What to work on: Count the lines in the records below that contain the word "CONTINUOUS", and give that figure alone.

(Items listed in a dataset)

━━━━━━━━━━━━━━━━

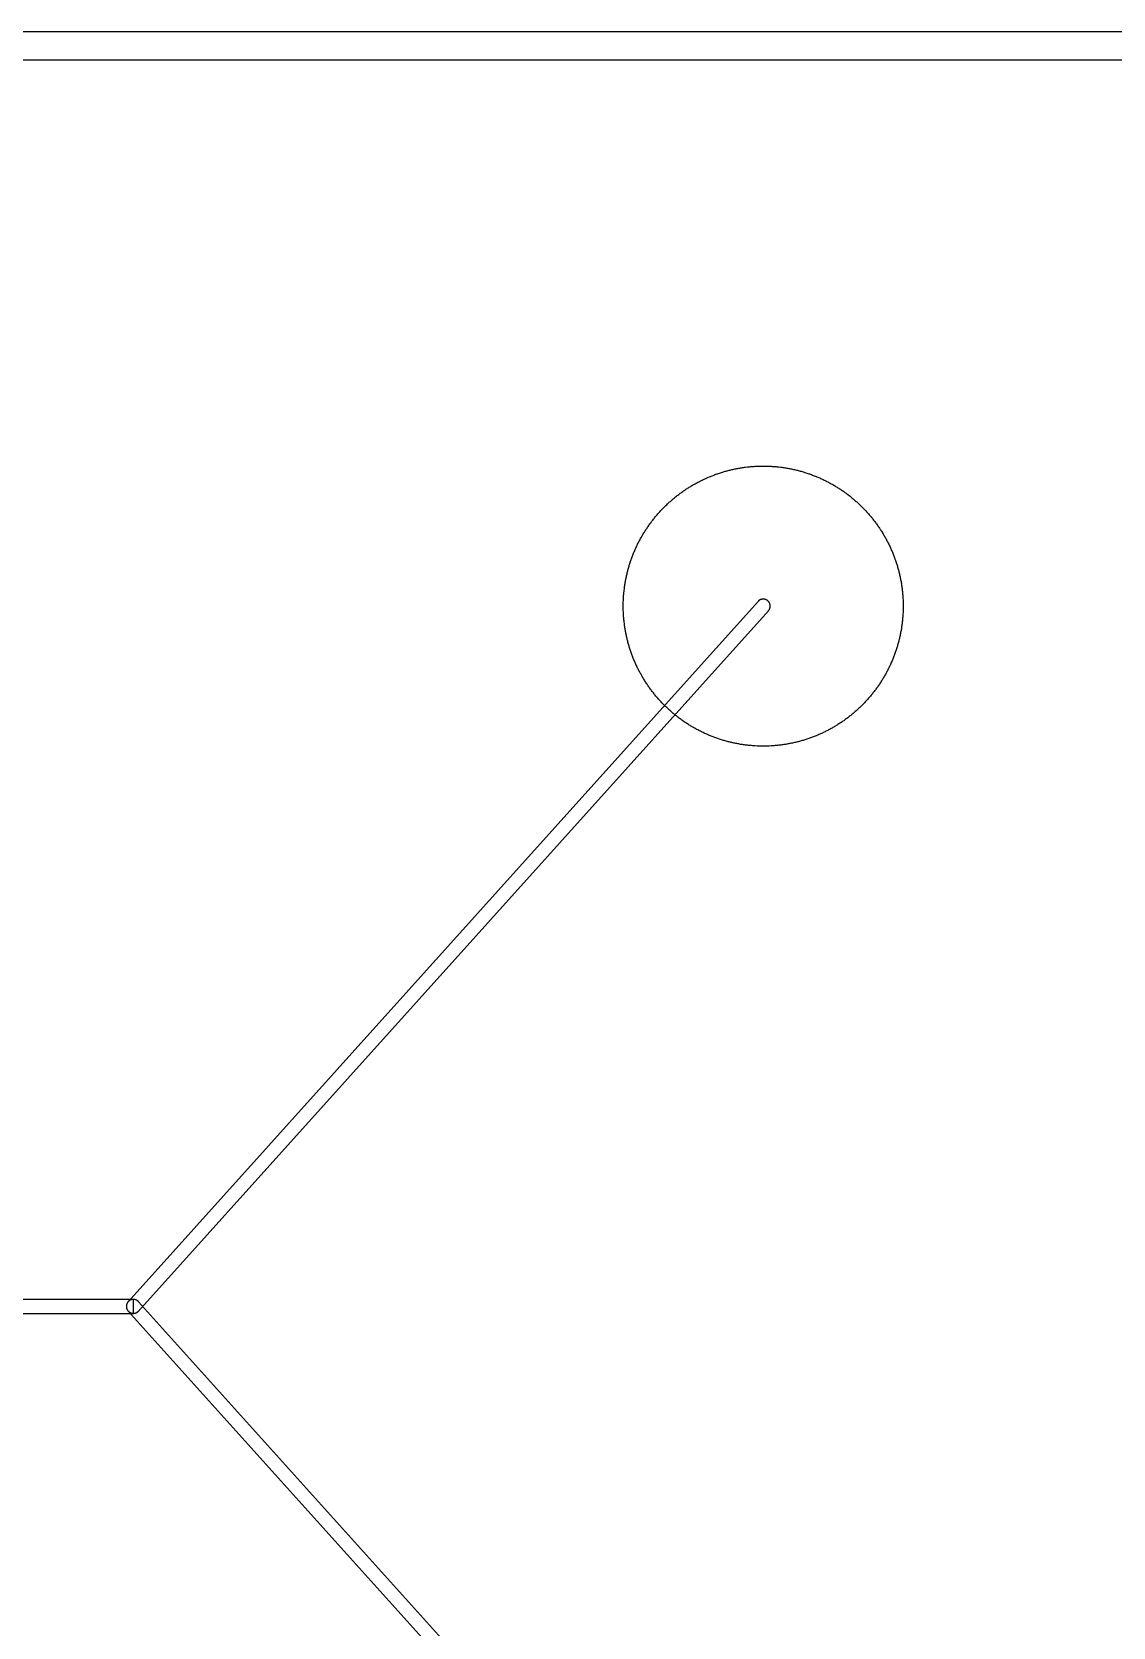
# Model space of a CAD drawing. Extents: x -44500 to 44500, y -47000 to 47000.
# Drawn here: x 4775 to 12500, y 32710 to 44100 of the extents above; entities that cross this region are included whole.
import ezdxf

# ---------------------------------------------------------------- set-up
doc = ezdxf.new("R2010")
doc.units = 0
doc.layers.add('Metal1', color=160, linetype='CONTINUOUS')
doc.layers.add('Poly', color=20, linetype='CONTINUOUS')

msp = doc.modelspace()

# ---------------------------------------------------------------- linework, layer by layer
at = {"layer": 'Metal1'}
for points in [[(13064.99, 44100), (-3041.42, 44100)], [(-2958.58, 43900), (12935.01, 43900)]]:
    msp.add_lwpolyline(points, dxfattribs=at)
at = {"layer": 'Poly'}
for points in [[(10999.9, 39985.9), (10999.6, 39971.8), (10999.1, 39957.7), (10998.4, 39943.65), (10997.95, 39936.6), (10997.5, 39929.6), (10997, 39922.6), (10996.4, 39915.55), (10995.8, 39908.55), (10995.1, 39901.5), (10994.4, 39894.5), (10993.65, 39887.5), (10991.95, 39873.5), (10991.05, 39866.55), (10990.05, 39859.55), (10989.05, 39852.6), (10988, 39845.65), (10986.9, 39838.7), (10985.7, 39831.7), (10984.5, 39824.8), (10983.25, 39817.85), (10981.95, 39810.95), (10980.6, 39804), (10979.2, 39797.15), (10977.75, 39790.25), (10976.25, 39783.4), (10974.7, 39776.5), (10973.1, 39769.65), (10971.45, 39762.8), (10969.75, 39755.95), (10968, 39749.1), (10966.2, 39742.3), (10964.35, 39735.5), (10962.5, 39728.75), (10960.55, 39721.95), (10958.55, 39715.15), (10956.55, 39708.45), (10954.45, 39701.7), (10952.35, 39695), (10947.95, 39681.6), (10945.65, 39674.9), (10943.35, 39668.25), (10941, 39661.65), (10938.6, 39655), (10936.15, 39648.4), (10933.65, 39641.85), (10931.1, 39635.25), (10928.5, 39628.7), (10925.9, 39622.25), (10923.2, 39615.7), (10920.45, 39609.15), (10917.7, 39602.75), (10914.85, 39596.25), (10912, 39589.85), (10909.1, 39583.45), (10906.15, 39577.05), (10903.15, 39570.7), (10900.1, 39564.35), (10897, 39558), (10893.85, 39551.65), (10890.65, 39545.35), (10887.45, 39539.1), (10884.2, 39532.9), (10880.9, 39526.7), (10877.5, 39520.45), (10874.15, 39514.35), (10870.7, 39508.2), (10867.2, 39502.05), (10863.65, 39495.95), (10860.1, 39489.9), (10856.45, 39483.8), (10852.85, 39477.85), (10849.15, 39471.85), (10845.35, 39465.8), (10841.6, 39459.9), (10837.75, 39453.95), (10833.9, 39448.1), (10830, 39442.25), (10826.05, 39436.45), (10822.05, 39430.6), (10818, 39424.8), (10813.95, 39419.1), (10809.85, 39413.4), (10805.7, 39407.7), (10801.5, 39402.05), (10797.25, 39396.4), (10793, 39390.8), (10788.7, 39385.25), (10784.35, 39379.7), (10779.95, 39374.2), (10775.5, 39368.7), (10771.05, 39363.25), (10766.55, 39357.85), (10762, 39352.45), (10757.4, 39347.05), (10752.8, 39341.8), (10748.15, 39336.5), (10743.45, 39331.25), (10738.7, 39326), (10733.95, 39320.8), (10729.2, 39315.7), (10724.3, 39310.55), (10719.45, 39305.5), (10714.55, 39300.45), (10709.6, 39295.4), (10704.6, 39290.4), (10699.55, 39285.45), (10694.5, 39280.55), (10689.45, 39275.7), (10684.3, 39270.8), (10679.2, 39266.05), (10674, 39261.3), (10668.75, 39256.55), (10663.5, 39251.85), (10658.2, 39247.2), (10652.95, 39242.6), (10647.55, 39238), (10642.15, 39233.45), (10636.75, 39228.95), (10631.3, 39224.5), (10625.8, 39220.05), (10620.3, 39215.65), (10614.75, 39211.3), (10609.2, 39207), (10603.6, 39202.75), (10597.95, 39198.5), (10592.3, 39194.3), (10586.6, 39190.15), (10580.9, 39186.05), (10575.2, 39182), (10569.4, 39177.95), (10563.55, 39173.95), (10557.75, 39170), (10551.9, 39166.1), (10546.05, 39162.25), (10540.1, 39158.4), (10534.2, 39154.65), (10528.15, 39150.85), (10522.15, 39147.15), (10516.2, 39143.55), (10510.1, 39139.9), (10504.05, 39136.35), (10497.95, 39132.8), (10491.8, 39129.3), (10485.65, 39125.85), (10479.55, 39122.5), (10473.3, 39119.1), (10467.1, 39115.8), (10460.9, 39112.55), (10454.65, 39109.35), (10448.35, 39106.15), (10442, 39103), (10435.65, 39099.9), (10429.3, 39096.85), (10422.95, 39093.85), (10416.55, 39090.9), (10410.15, 39088), (10403.75, 39085.15), (10397.25, 39082.3), (10390.85, 39079.55), (10384.3, 39076.8), (10377.75, 39074.1), (10371.3, 39071.5), (10364.75, 39068.9), (10358.15, 39066.35), (10351.6, 39063.85), (10345, 39061.4), (10338.35, 39059), (10331.75, 39056.65), (10325.1, 39054.35), (10318.4, 39052.05), (10305, 39047.65), (10298.3, 39045.55), (10291.55, 39043.45), (10284.85, 39041.45), (10278.05, 39039.45), (10271.25, 39037.5), (10264.5, 39035.65), (10257.7, 39033.8), (10250.9, 39032), (10244.05, 39030.25), (10237.2, 39028.55), (10230.35, 39026.9), (10223.5, 39025.3), (10216.6, 39023.75), (10209.75, 39022.25), (10202.85, 39020.8), (10196, 39019.4), (10189.05, 39018.05), (10182.15, 39016.75), (10175.2, 39015.5), (10168.3, 39014.3), (10161.3, 39013.1), (10154.35, 39012), (10147.4, 39010.95), (10140.45, 39009.95), (10133.45, 39008.95), (10126.5, 39008.05), (10112.5, 39006.35), (10105.5, 39005.6), (10098.5, 39004.9), (10091.45, 39004.2), (10084.45, 39003.6), (10077.4, 39003), (10070.4, 39002.5), (10063.4, 39002.05), (10056.35, 39001.6), (10042.3, 39000.9), (10028.2, 39000.4), (10014.1, 39000.1), (10000, 39000), (9985.9, 39000.1), (9971.8, 39000.4), (9957.7, 39000.9), (9943.65, 39001.6), (9936.6, 39002.05), (9929.6, 39002.5), (9922.6, 39003), (9915.55, 39003.6), (9908.55, 39004.2), (9901.5, 39004.9), (9894.5, 39005.6), (9887.5, 39006.35), (9873.5, 39008.05), (9866.55, 39008.95), (9859.55, 39009.95), (9852.6, 39010.95), (9845.65, 39012), (9838.7, 39013.1), (9831.7, 39014.3), (9824.8, 39015.5), (9817.85, 39016.75), (9810.95, 39018.05), (9804, 39019.4), (9797.15, 39020.8), (9790.25, 39022.25), (9783.4, 39023.75), (9776.5, 39025.3), (9769.65, 39026.9), (9762.8, 39028.55), (9755.95, 39030.25), (9749.1, 39032), (9742.3, 39033.8), (9735.5, 39035.65), (9728.75, 39037.5), (9721.95, 39039.45), (9715.15, 39041.45), (9708.45, 39043.45), (9701.7, 39045.55), (9695, 39047.65), (9681.6, 39052.05), (9674.9, 39054.35), (9668.25, 39056.65), (9661.65, 39059), (9655, 39061.4), (9648.4, 39063.85), (9641.85, 39066.35), (9635.25, 39068.9), (9628.7, 39071.5), (9622.25, 39074.1), (9615.7, 39076.8), (9609.15, 39079.55), (9602.75, 39082.3), (9596.25, 39085.15), (9589.85, 39088), (9583.45, 39090.9), (9577.05, 39093.85), (9570.7, 39096.85), (9564.35, 39099.9), (9558, 39103), (9551.65, 39106.15), (9545.35, 39109.35), (9539.1, 39112.55), (9532.9, 39115.8), (9526.7, 39119.1), (9520.45, 39122.5), (9514.35, 39125.85), (9508.2, 39129.3), (9502.05, 39132.8), (9495.95, 39136.35), (9489.9, 39139.9), (9483.8, 39143.55), (9477.85, 39147.15), (9471.85, 39150.85), (9465.8, 39154.65), (9459.9, 39158.4), (9453.95, 39162.25), (9448.1, 39166.1), (9442.25, 39170), (9436.45, 39173.95), (9430.6, 39177.95), (9424.8, 39182), (9419.1, 39186.05), (9413.4, 39190.15), (9407.7, 39194.3), (9402.05, 39198.5), (9396.4, 39202.75), (9390.8, 39207), (9385.25, 39211.3), (9379.7, 39215.65), (9374.2, 39220.05), (9368.7, 39224.5), (9363.25, 39228.95), (9357.85, 39233.45), (9352.45, 39238), (9347.05, 39242.6), (9341.8, 39247.2), (9336.5, 39251.85), (9331.25, 39256.55), (9326, 39261.3), (9320.8, 39266.05), (9315.7, 39270.8), (9310.55, 39275.7), (9305.5, 39280.55), (9300.45, 39285.45), (9295.4, 39290.4), (9290.4, 39295.4), (9285.45, 39300.45), (9280.55, 39305.5), (9275.7, 39310.55), (9270.8, 39315.7), (9266.05, 39320.8), (9261.3, 39326), (9256.55, 39331.25), (9251.85, 39336.5), (9247.2, 39341.8), (9242.6, 39347.05), (9238, 39352.45), (9233.45, 39357.85), (9228.95, 39363.25), (9224.5, 39368.7), (9220.05, 39374.2), (9215.65, 39379.7), (9211.3, 39385.25), (9207, 39390.8), (9202.75, 39396.4), (9198.5, 39402.05), (9194.3, 39407.7), (9190.15, 39413.4), (9186.05, 39419.1), (9182, 39424.8), (9177.95, 39430.6), (9173.95, 39436.45), (9170, 39442.25), (9166.1, 39448.1), (9162.25, 39453.95), (9158.4, 39459.9), (9154.65, 39465.8), (9150.85, 39471.85), (9147.15, 39477.85), (9143.55, 39483.8), (9139.9, 39489.9), (9136.35, 39495.95), (9132.8, 39502.05), (9129.3, 39508.2), (9125.85, 39514.35), (9122.5, 39520.45), (9119.1, 39526.7), (9115.8, 39532.9), (9112.55, 39539.1), (9109.35, 39545.35), (9106.15, 39551.65), (9103, 39558), (9099.9, 39564.35), (9096.85, 39570.7), (9093.85, 39577.05), (9090.9, 39583.45), (9088, 39589.85), (9085.15, 39596.25), (9082.3, 39602.75), (9079.55, 39609.15), (9076.8, 39615.7), (9074.1, 39622.25), (9071.5, 39628.7), (9068.9, 39635.25), (9066.35, 39641.85), (9063.85, 39648.4), (9061.4, 39655), (9059, 39661.65), (9056.65, 39668.25), (9054.35, 39674.9), (9052.05, 39681.6), (9047.65, 39695), (9045.55, 39701.7), (9043.45, 39708.45), (9041.45, 39715.15), (9039.45, 39721.95), (9037.5, 39728.75), (9035.65, 39735.5), (9033.8, 39742.3), (9032, 39749.1), (9030.25, 39755.95), (9028.55, 39762.8), (9026.9, 39769.65), (9025.3, 39776.5), (9023.75, 39783.4), (9022.25, 39790.25), (9020.8, 39797.15), (9019.4, 39804), (9018.05, 39810.95), (9016.75, 39817.85), (9015.5, 39824.8), (9014.3, 39831.7), (9013.1, 39838.7), (9012, 39845.65), (9010.95, 39852.6), (9009.95, 39859.55), (9008.95, 39866.55), (9008.05, 39873.5), (9006.35, 39887.5), (9005.6, 39894.5), (9004.9, 39901.5), (9004.2, 39908.55), (9003.6, 39915.55), (9003, 39922.6), (9002.5, 39929.6), (9002.05, 39936.6), (9001.6, 39943.65), (9000.9, 39957.7), (9000.4, 39971.8), (9000.1, 39985.9), (9000, 40000), (9000.1, 40014.1), (9000.4, 40028.2), (9000.9, 40042.3), (9001.6, 40056.35), (9002.05, 40063.4), (9002.5, 40070.4), (9003, 40077.4), (9003.6, 40084.45), (9004.2, 40091.45), (9004.9, 40098.5), (9005.6, 40105.5), (9006.35, 40112.5), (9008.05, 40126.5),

━━━━━━━━━━━━━━━━

Written answer: 2